4.4 Input Energy Forecasting

To forecast the energy consumption in wheat production, the trained MLFANN model with two hidden layers as described above was used with 95% confidence limits for various input combinations. This has been shown in Fig. 7 on training dataset and in Fig. 8 on validation dataset. There are four lines in each plot: network output, desired output, and the high and low bounds of the confidence interval to visualize the energy prediction in the final model with an error margin of ± 7889.83 MJ/ha on training data and error margin of around ± 3298.47 MJ/ha for validation data. The 95% prediction confidence means that there is only 5% probability of predicted energy from this model to have error of more than 3298.47 MJ/ha [83].

Fig. 7
figure 7

ANN predicted, actual and 95% confidence interval for energy consumption based on training data

Fig. 8
figure 8

ANN predicted, actual and 95% confidence interval for energy consumption based on validation data

This study has attempted to model input energy consumed in wheat production in India using ANN technique based on several direct and indirect factors that contribute to energy consumption behavior. An accurate modeling gives indication and direction for altering energy consumption and making it more efficient in wheat production and address the energy poverty and food security issues in India. Some variables in the final model are fixed and cannot be changed, and they show the farming conditions such as crop area and farmer’s education. However, variables such as N, P, irrigation frequency can be optimized to achieve desired level of input energy. The MLFANN model derived in this study has greater predictive accuracy and can be used to compare energy use on farms effectively which can educate the farmers to identify crucial inputs and thereafter explore inputs that have potential to reduce energy costs in farming. Agricultural scientists and policy makers can explore this model to estimate energy consumption in various other wheat regions in India, specially with similar social attributes in farming such as farm sizes and farmer’s education.

5 Conclusion and Discussions

This study presents an application of ANN technique to model and predict input energy consumption in wheat production in India. Compared to other studies the average total energy used per hectare was found to be relatively low, however it was significantly higher on small farms compared to large farms. The use of electric motors which covers for 95% of irrigation in the region contributed significantly to energy modeling.
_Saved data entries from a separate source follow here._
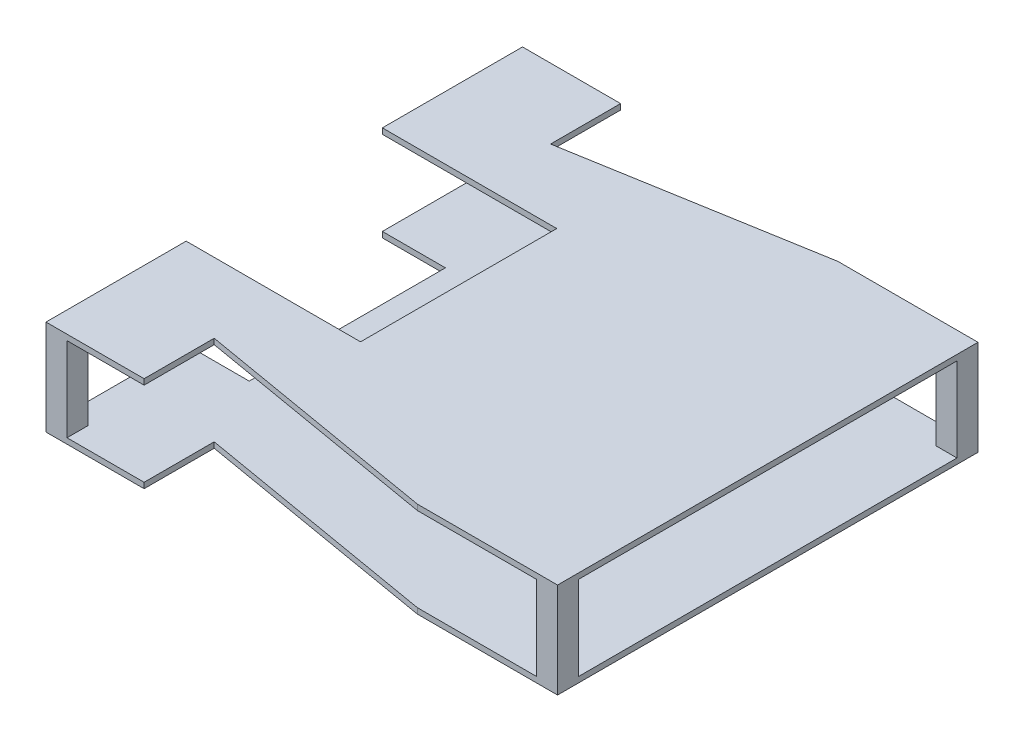
ISO-10303-21;
HEADER;
FILE_DESCRIPTION(('STEP AP214'),'2;1');
FILE_NAME('part.step','',(''),(''),'','','');
FILE_SCHEMA(('AUTOMOTIVE_DESIGN { 1 0 10303 214 1 1 1 1 }'));
ENDSEC;
DATA;
#1=APPLICATION_CONTEXT('core data for automotive mechanical design processes');
#2=APPLICATION_PROTOCOL_DEFINITION('international standard','automotive_design',2000,#1);
#3=PRODUCT_CONTEXT('',#1,'mechanical');
#4=PRODUCT('Part','Part','',(#3));
#5=PRODUCT_RELATED_PRODUCT_CATEGORY('part','',(#4));
#6=PRODUCT_DEFINITION_FORMATION('','',#4);
#7=PRODUCT_DEFINITION_CONTEXT('part definition',#1,'design');
#8=PRODUCT_DEFINITION('design','',#6,#7);
#9=PRODUCT_DEFINITION_SHAPE('','',#8);
#10=(LENGTH_UNIT() NAMED_UNIT(*) SI_UNIT(.MILLI.,.METRE.));
#11=(NAMED_UNIT(*) PLANE_ANGLE_UNIT() SI_UNIT($,.RADIAN.));
#12=(NAMED_UNIT(*) SI_UNIT($,.STERADIAN.) SOLID_ANGLE_UNIT());
#13=UNCERTAINTY_MEASURE_WITH_UNIT(LENGTH_MEASURE(1.E-05),#10,'distance_accuracy_value','');
#14=(GEOMETRIC_REPRESENTATION_CONTEXT(3) GLOBAL_UNCERTAINTY_ASSIGNED_CONTEXT((#13)) GLOBAL_UNIT_ASSIGNED_CONTEXT((#10,
#11,#12)) REPRESENTATION_CONTEXT('',''));
#15=CARTESIAN_POINT('',(0.,0.,0.));
#16=DIRECTION('',(0.,0.,1.));
#17=DIRECTION('',(1.,0.,0.));
#18=AXIS2_PLACEMENT_3D('',#15,#16,#17);
#19=CARTESIAN_POINT('',(0.,2.,0.));
#20=DIRECTION('',(0.,1.,0.));
#21=DIRECTION('',(0.,0.,1.));
#22=AXIS2_PLACEMENT_3D('',#19,#20,#21);
#23=PLANE('',#22);
#24=DIRECTION('',(-1.,0.,0.));
#25=VECTOR('',#24,1.);
#26=CARTESIAN_POINT('',(-22.4999999999999,2.,77.5));
#27=LINE('',#26,#25);
#28=CARTESIAN_POINT('',(-14.9999999999999,2.,77.5));
#29=VERTEX_POINT('',#28);
#30=CARTESIAN_POINT('',(-22.4999999999999,2.,77.5));
#31=VERTEX_POINT('',#30);
#32=EDGE_CURVE('E57',#29,#31,#27,.T.);
#33=ORIENTED_EDGE('',*,*,#32,.F.);
#34=DIRECTION('',(0.,0.,-1.));
#35=VECTOR('',#34,1.);
#36=CARTESIAN_POINT('',(-14.9999999999999,2.,85.));
#37=LINE('',#36,#35);
#38=CARTESIAN_POINT('',(-14.9999999999999,2.,85.));
#39=VERTEX_POINT('',#38);
#40=EDGE_CURVE('E433',#39,#29,#37,.T.);
#41=ORIENTED_EDGE('',*,*,#40,.F.);
#42=DIRECTION('',(1.,0.,0.));
#43=VECTOR('',#42,1.);
#44=CARTESIAN_POINT('',(0.,2.,85.));
#45=LINE('',#44,#43);
#46=CARTESIAN_POINT('',(12.5,2.,85.));
#47=VERTEX_POINT('',#46);
#48=EDGE_CURVE('E561',#39,#47,#45,.T.);
#49=ORIENTED_EDGE('',*,*,#48,.T.);
#50=DIRECTION('',(0.,0.,1.));
#51=VECTOR('',#50,1.);
#52=CARTESIAN_POINT('',(12.5,2.,0.));
#53=LINE('',#52,#51);
#54=CARTESIAN_POINT('',(12.5,2.,60.));
#55=VERTEX_POINT('',#54);
#56=EDGE_CURVE('E564',#55,#47,#53,.T.);
#57=ORIENTED_EDGE('',*,*,#56,.F.);
#58=DIRECTION('',(0.985622254813267,0.,0.168963815110845));
#59=VECTOR('',#58,1.);
#60=CARTESIAN_POINT('',(-9.63521015067404,2.,56.2053925455987));
#61=LINE('',#60,#59);
#62=CARTESIAN_POINT('',(100.,2.,75.));
#63=VERTEX_POINT('',#62);
#64=EDGE_CURVE('E568',#55,#63,#61,.T.);
#65=ORIENTED_EDGE('',*,*,#64,.T.);
#66=DIRECTION('',(1.,0.,0.));
#67=VECTOR('',#66,1.);
#68=CARTESIAN_POINT('',(0.,2.,75.));
#69=LINE('',#68,#67);
#70=CARTESIAN_POINT('',(142.5,2.,75.));
#71=VERTEX_POINT('',#70);
#72=EDGE_CURVE('E571',#63,#71,#69,.T.);
#73=ORIENTED_EDGE('',*,*,#72,.T.);
#74=DIRECTION('',(0.,0.,1.));
#75=VECTOR('',#74,1.);
#76=CARTESIAN_POINT('',(142.5,2.,75.));
#77=LINE('',#76,#75);
#78=CARTESIAN_POINT('',(142.5,2.,67.5));
#79=VERTEX_POINT('',#78);
#80=EDGE_CURVE('E492',#79,#71,#77,.T.);
#81=ORIENTED_EDGE('',*,*,#80,.F.);
#82=DIRECTION('',(-1.,0.,0.));
#83=VECTOR('',#82,1.);
#84=CARTESIAN_POINT('',(150.,2.,67.5));
#85=LINE('',#84,#83);
#86=CARTESIAN_POINT('',(150.,2.,67.5));
#87=VERTEX_POINT('',#86);
#88=EDGE_CURVE('E486',#87,#79,#85,.T.);
#89=ORIENTED_EDGE('',*,*,#88,.F.);
#90=DIRECTION('',(0.,0.,-1.));
#91=VECTOR('',#90,1.);
#92=CARTESIAN_POINT('',(150.,2.,0.));
#93=LINE('',#92,#91);
#94=CARTESIAN_POINT('',(150.,2.,-67.5));
#95=VERTEX_POINT('',#94);
#96=EDGE_CURVE('E574',#87,#95,#93,.T.);
#97=ORIENTED_EDGE('',*,*,#96,.T.);
#98=DIRECTION('',(1.,0.,0.));
#99=VECTOR('',#98,1.);
#100=CARTESIAN_POINT('',(150.,2.,-67.5));
#101=LINE('',#100,#99);
#102=CARTESIAN_POINT('',(142.5,2.,-67.5));
#103=VERTEX_POINT('',#102);
#104=EDGE_CURVE('E520',#103,#95,#101,.T.);
#105=ORIENTED_EDGE('',*,*,#104,.F.);
#106=DIRECTION('',(0.,0.,1.));
#107=VECTOR('',#106,1.);
#108=CARTESIAN_POINT('',(142.5,2.,-75.));
#109=LINE('',#108,#107);
#110=CARTESIAN_POINT('',(142.5,2.,-75.));
#111=VERTEX_POINT('',#110);
#112=EDGE_CURVE('E514',#111,#103,#109,.T.);
#113=ORIENTED_EDGE('',*,*,#112,.F.);
#114=DIRECTION('',(1.,0.,0.));
#115=VECTOR('',#114,1.);
#116=CARTESIAN_POINT('',(0.,2.,-75.));
#117=LINE('',#116,#115);
#118=CARTESIAN_POINT('',(100.180900234815,2.,-75.));
#119=VERTEX_POINT('',#118);
#120=EDGE_CURVE('E577',#119,#111,#117,.T.);
#121=ORIENTED_EDGE('',*,*,#120,.F.);
#122=DIRECTION('',(0.985622254813267,0.,-0.168963815110846));
#123=VECTOR('',#122,1.);
#124=CARTESIAN_POINT('',(-9.63004567132966,2.,-56.1752664160895));
#125=LINE('',#124,#123);
#126=CARTESIAN_POINT('',(12.6809002348147,2.,-60.));
#127=VERTEX_POINT('',#126);
#128=EDGE_CURVE('E581',#127,#119,#125,.T.);
#129=ORIENTED_EDGE('',*,*,#128,.F.);
#130=DIRECTION('',(1.,0.,0.));
#131=VECTOR('',#130,1.);
#132=CARTESIAN_POINT('',(0.,2.,-60.));
#133=LINE('',#132,#131);
#134=CARTESIAN_POINT('',(12.5,2.,-60.));
#135=VERTEX_POINT('',#134);
#136=EDGE_CURVE('E585',#135,#127,#133,.T.);
#137=ORIENTED_EDGE('',*,*,#136,.F.);
#138=DIRECTION('',(0.,0.,-1.));
#139=VECTOR('',#138,1.);
#140=CARTESIAN_POINT('',(12.5000000000001,2.,0.));
#141=LINE('',#140,#139);
#142=CARTESIAN_POINT('',(12.5,2.,-85.));
#143=VERTEX_POINT('',#142);
#144=EDGE_CURVE('E589',#135,#143,#141,.T.);
#145=ORIENTED_EDGE('',*,*,#144,.T.);
#146=DIRECTION('',(-1.,0.,0.));
#147=VECTOR('',#146,1.);
#148=CARTESIAN_POINT('',(0.,2.,-85.));
#149=LINE('',#148,#147);
#150=CARTESIAN_POINT('',(-15.,2.,-85.));
#151=VERTEX_POINT('',#150);
#152=EDGE_CURVE('E592',#143,#151,#149,.T.);
#153=ORIENTED_EDGE('',*,*,#152,.T.);
#154=DIRECTION('',(0.,0.,-1.));
#155=VECTOR('',#154,1.);
#156=CARTESIAN_POINT('',(-15.,2.,-85.));
#157=LINE('',#156,#155);
#158=CARTESIAN_POINT('',(-15.,2.,-77.5));
#159=VERTEX_POINT('',#158);
#160=EDGE_CURVE('E464',#159,#151,#157,.T.);
#161=ORIENTED_EDGE('',*,*,#160,.F.);
#162=DIRECTION('',(1.,0.,0.));
#163=VECTOR('',#162,1.);
#164=CARTESIAN_POINT('',(-22.5,2.,-77.5));
#165=LINE('',#164,#163);
#166=CARTESIAN_POINT('',(-22.5,2.,-77.5));
#167=VERTEX_POINT('',#166);
#168=EDGE_CURVE('E458',#167,#159,#165,.T.);
#169=ORIENTED_EDGE('',*,*,#168,.F.);
#170=DIRECTION('',(0.,0.,-1.));
#171=VECTOR('',#170,1.);
#172=CARTESIAN_POINT('',(-22.5,2.,0.));
#173=LINE('',#172,#171);
#174=CARTESIAN_POINT('',(-22.5,2.,-35.));
#175=VERTEX_POINT('',#174);
#176=EDGE_CURVE('E543',#175,#167,#173,.T.);
#177=ORIENTED_EDGE('',*,*,#176,.F.);
#178=DIRECTION('',(-1.,0.,0.));
#179=VECTOR('',#178,1.);
#180=CARTESIAN_POINT('',(0.,2.,-35.));
#181=LINE('',#180,#179);
#182=CARTESIAN_POINT('',(0.,2.,-35.));
#183=VERTEX_POINT('',#182);
#184=EDGE_CURVE('E547',#183,#175,#181,.T.);
#185=ORIENTED_EDGE('',*,*,#184,.F.);
#186=DIRECTION('',(0.,0.,1.));
#187=VECTOR('',#186,1.);
#188=CARTESIAN_POINT('',(0.,2.,0.));
#189=LINE('',#188,#187);
#190=CARTESIAN_POINT('',(0.,2.,35.));
#191=VERTEX_POINT('',#190);
#192=EDGE_CURVE('E552',#183,#191,#189,.T.);
#193=ORIENTED_EDGE('',*,*,#192,.T.);
#194=DIRECTION('',(1.,0.,0.));
#195=VECTOR('',#194,1.);
#196=CARTESIAN_POINT('',(0.,2.,35.));
#197=LINE('',#196,#195);
#198=CARTESIAN_POINT('',(-22.5,2.,35.));
#199=VERTEX_POINT('',#198);
#200=EDGE_CURVE('E555',#199,#191,#197,.T.);
#201=ORIENTED_EDGE('',*,*,#200,.F.);
#202=DIRECTION('',(0.,0.,1.));
#203=VECTOR('',#202,1.);
#204=CARTESIAN_POINT('',(-22.5,2.,0.));
#205=LINE('',#204,#203);
#206=EDGE_CURVE('E62',#199,#31,#205,.T.);
#207=ORIENTED_EDGE('',*,*,#206,.T.);
#208=EDGE_LOOP('',(#33,#41,#49,#57,#65,#73,#81,#89,#97,#105,#113,#121,#129,#137,#145,#153,#161,
#169,#177,#185,#193,#201,#207));
#209=FACE_BOUND('',#208,.T.);
#210=ADVANCED_FACE('F41',(#209),#23,.T.);
#211=CARTESIAN_POINT('',(-22.5,2.,0.));
#212=DIRECTION('',(-1.,0.,0.));
#213=DIRECTION('',(0.,0.,1.));
#214=AXIS2_PLACEMENT_3D('',#211,#212,#213);
#215=PLANE('',#214);
#216=DIRECTION('',(0.,0.,-1.));
#217=VECTOR('',#216,1.);
#218=CARTESIAN_POINT('',(-22.5,0.,0.));
#219=LINE('',#218,#217);
#220=CARTESIAN_POINT('',(-22.5,0.,-35.));
#221=VERTEX_POINT('',#220);
#222=CARTESIAN_POINT('',(-22.5,0.,-85.));
#223=VERTEX_POINT('',#222);
#224=EDGE_CURVE('E542',#221,#223,#219,.T.);
#225=ORIENTED_EDGE('',*,*,#224,.F.);
#226=DIRECTION('',(0.,-1.,0.));
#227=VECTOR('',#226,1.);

In sensitivity analysis it was found to be one of the most important factors in energy consumption modeling is electricity followed by urea, phosphate, and potassium fertilizer. The result of this study showed that ANN technique outperformed MLR method to model energy input based on direct factors and certain indirect factors such as farm and farmer’s attributes. The results of this study can be generalized to the areas with same latitude especially in other states of Haryana and Punjab where wheat is an important crop, and the techniques of production are similar, as well the farmers, farm, and other characteristics in to optimize energy consumption specially in energy vulnerable sector such as agriculture to ensure food security and environmental sustainability.